More from the courts

Filed under: Law — notsaussure @ 11:12 pm

We had a chap convicted earlier this week, after a three-day trial, for assault (ABH). Night-club bouncer who ejected a drunk from the club in an incident that ended up with the drunk suffering a broken nose and having a tooth knocked out. Jury didn’t take long to reject the bouncer’s account of events (I thought he was about to nut me, so I used reasonable force to defend myself) and, instead, accepted the account of several eye-witnesses, backed up by a not particulalry good CCTV recording, that, after considerable verbal provocation, the bouncer lost his cool and thumped the guy (only once, but very hard).

Pretty inevitable verdict, and pretty inevitable sentence; he’d been advised he faced nine months inside if he was found guilty at trial and six months if he pleaded — which means, in practical terms, he’ll serve four and a half months as opposed to the three he’d have served had he saved us the bother and not inconsiderable expense of trying him — and nine months is what he got.

Consensus after the case was that, even though he never stood very much of a chance, it was a pretty reasonable gamble — freedom if he won, against an extra six weeks inside if he lost — and one that most of us would ourselves have taken had we found ourselves in his shoes. Several people suggested giving a 50% discount for a timely guilty plea, on the argument that double or nothing might concentrate people’s minds a bit more if their case isn’t a good one.

Certainly you’ve got to provide incentives for people to plead guilty, or no one ever will and the whole system would judder to a halt. The alternative, I suppose, would be to increase the sentences, so the existing one-third discount is more attractive at the lower end of the scale, but that risks making sentences disproportionate and filling the prisons even fuller of short-term prisoners than at present they are.



  1. It would appear that in this case bouncer is the appropriate term.
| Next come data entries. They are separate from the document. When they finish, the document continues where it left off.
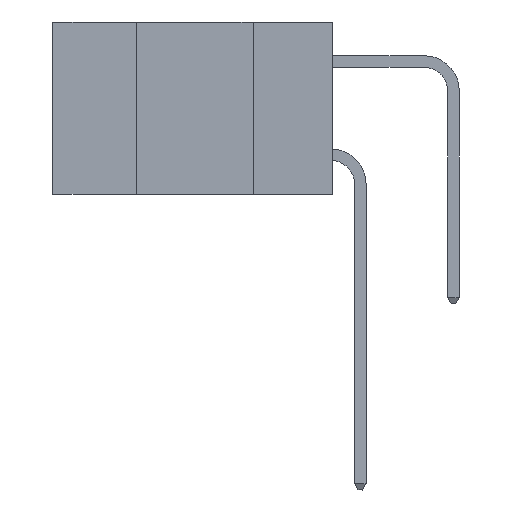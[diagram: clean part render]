
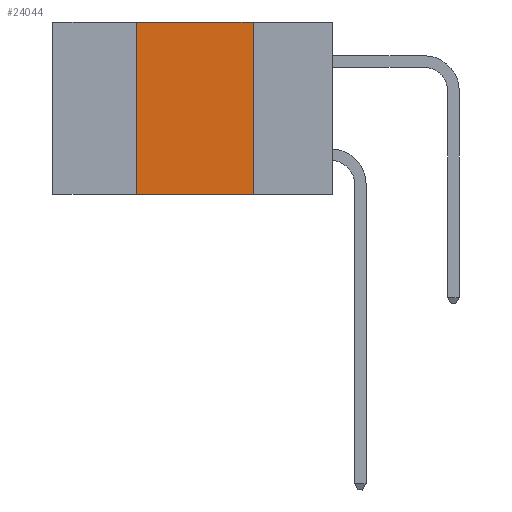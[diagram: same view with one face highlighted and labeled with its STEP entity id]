
A CAD part, left-side view. The second image highlights one B-rep face of the part: STEP entity #24044.
In plain terms, the highlighted planar face has unit normal (-1, 0, 0).
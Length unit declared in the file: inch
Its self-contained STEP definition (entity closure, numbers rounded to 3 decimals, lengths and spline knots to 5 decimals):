
#889 = VERTEX_POINT ( 'NONE', #1872 ) ;
#1872 = CARTESIAN_POINT ( 'NONE',  ( 0., 0.42, 0. ) ) ;
#2318 = EDGE_CURVE ( 'NONE', #7660, #8359, #23376, .T. ) ;
#2475 = ORIENTED_EDGE ( 'NONE', *, *, #5775, .F. ) ;
#5184 = DIRECTION ( 'NONE',  ( 0., 0., 1. ) ) ;
#5775 = EDGE_CURVE ( 'NONE', #31356, #8359, #28254, .T. ) ;
#6146 = CARTESIAN_POINT ( 'NONE',  ( 0., 0.6, -0.37 ) ) ;
#6852 = FACE_OUTER_BOUND ( 'NONE', #18980, .T. ) ;
#7660 = VERTEX_POINT ( 'NONE', #32995 ) ;
#7901 = VECTOR ( 'NONE', #33829, 39.37008 ) ;
#8359 = VERTEX_POINT ( 'NONE', #26267 ) ;
#10083 = LINE ( 'NONE', #32095, #29246 ) ;
#11130 = EDGE_CURVE ( 'NONE', #889, #31356, #30806, .T. ) ;
#11306 = DIRECTION ( 'NONE',  ( 0., 0., -1. ) ) ;
#12814 = CARTESIAN_POINT ( 'NONE',  ( 0., 0.6, 0. ) ) ;
#13842 = PLANE ( 'NONE',  #27540 ) ;
#14041 = CARTESIAN_POINT ( 'NONE',  ( 0., 0.17, 0. ) ) ;
#14850 = EDGE_CURVE ( 'NONE', #7660, #889, #10083, .T. ) ;
#18980 = EDGE_LOOP ( 'NONE', ( #2475, #22443, #24117, #29952 ) ) ;
#19759 = DIRECTION ( 'NONE',  ( 0., -1., 0. ) ) ;
#22443 = ORIENTED_EDGE ( 'NONE', *, *, #11130, .F. ) ;
#23260 = VECTOR ( 'NONE', #33173, 39.37008 ) ;
#23376 = LINE ( 'NONE', #6146, #27111 ) ;
#24044 = ADVANCED_FACE ( 'NONE', ( #6852 ), #13842, .F. ) ;
#24117 = ORIENTED_EDGE ( 'NONE', *, *, #14850, .F. ) ;
#25117 = CARTESIAN_POINT ( 'NONE',  ( 0., 0.17, 0. ) ) ;
#26267 = CARTESIAN_POINT ( 'NONE',  ( 0., 0.17, -0.37 ) ) ;
#27029 = DIRECTION ( 'NONE',  ( 1., 0., 0. ) ) ;
#27111 = VECTOR ( 'NONE', #19759, 39.37008 ) ;
#27148 = CARTESIAN_POINT ( 'NONE',  ( 0., 0.6, 0. ) ) ;
#27540 = AXIS2_PLACEMENT_3D ( 'NONE', #27148, #27029, #11306 ) ;
#28254 = LINE ( 'NONE', #14041, #23260 ) ;
#29246 = VECTOR ( 'NONE', #5184, 39.37008 ) ;
#29952 = ORIENTED_EDGE ( 'NONE', *, *, #2318, .T. ) ;
#30806 = LINE ( 'NONE', #12814, #7901 ) ;
#31356 = VERTEX_POINT ( 'NONE', #25117 ) ;
#32095 = CARTESIAN_POINT ( 'NONE',  ( 0., 0.42, 0. ) ) ;
#32995 = CARTESIAN_POINT ( 'NONE',  ( 0., 0.42, -0.37 ) ) ;
#33173 = DIRECTION ( 'NONE',  ( 0., 0., -1. ) ) ;
#33829 = DIRECTION ( 'NONE',  ( 0., -1., 0. ) ) ;

But, generally speaking, I am led to understand that to improve the image the term was changed to door supervisor.

    Comment by jailhouselawyer — March 2, 2007 @ 4:37 pm

  2. You’re correct, of course; the preferred term is ‘Door Supervisor’ and this chap was, in fact, a registered door supervisor.

    Didn’t stop him referring to himself as a ‘bouncer,’ both when he told the complainant’s girlfriend, who’d said ‘You won’t get away with this, ‘Yes I will. I’m a bouncer’ or in the police interview, when he tried to explain the collapsible baton he had in his pocket by saying, ‘I’m a bouncer; it’s OK for me to have one’ (Nope. Not in a public place without lawful excuse it ain’t. Four months concurrent).

    I agree, though, that Door Supervisors do get an unfairly bad press — almost all the cases I’ve seen involve them as injured parties rather than as defendants, and, in this case, I can quite understand why this guy took a swing at the complainant after the amount of abuse he’d had to take from him.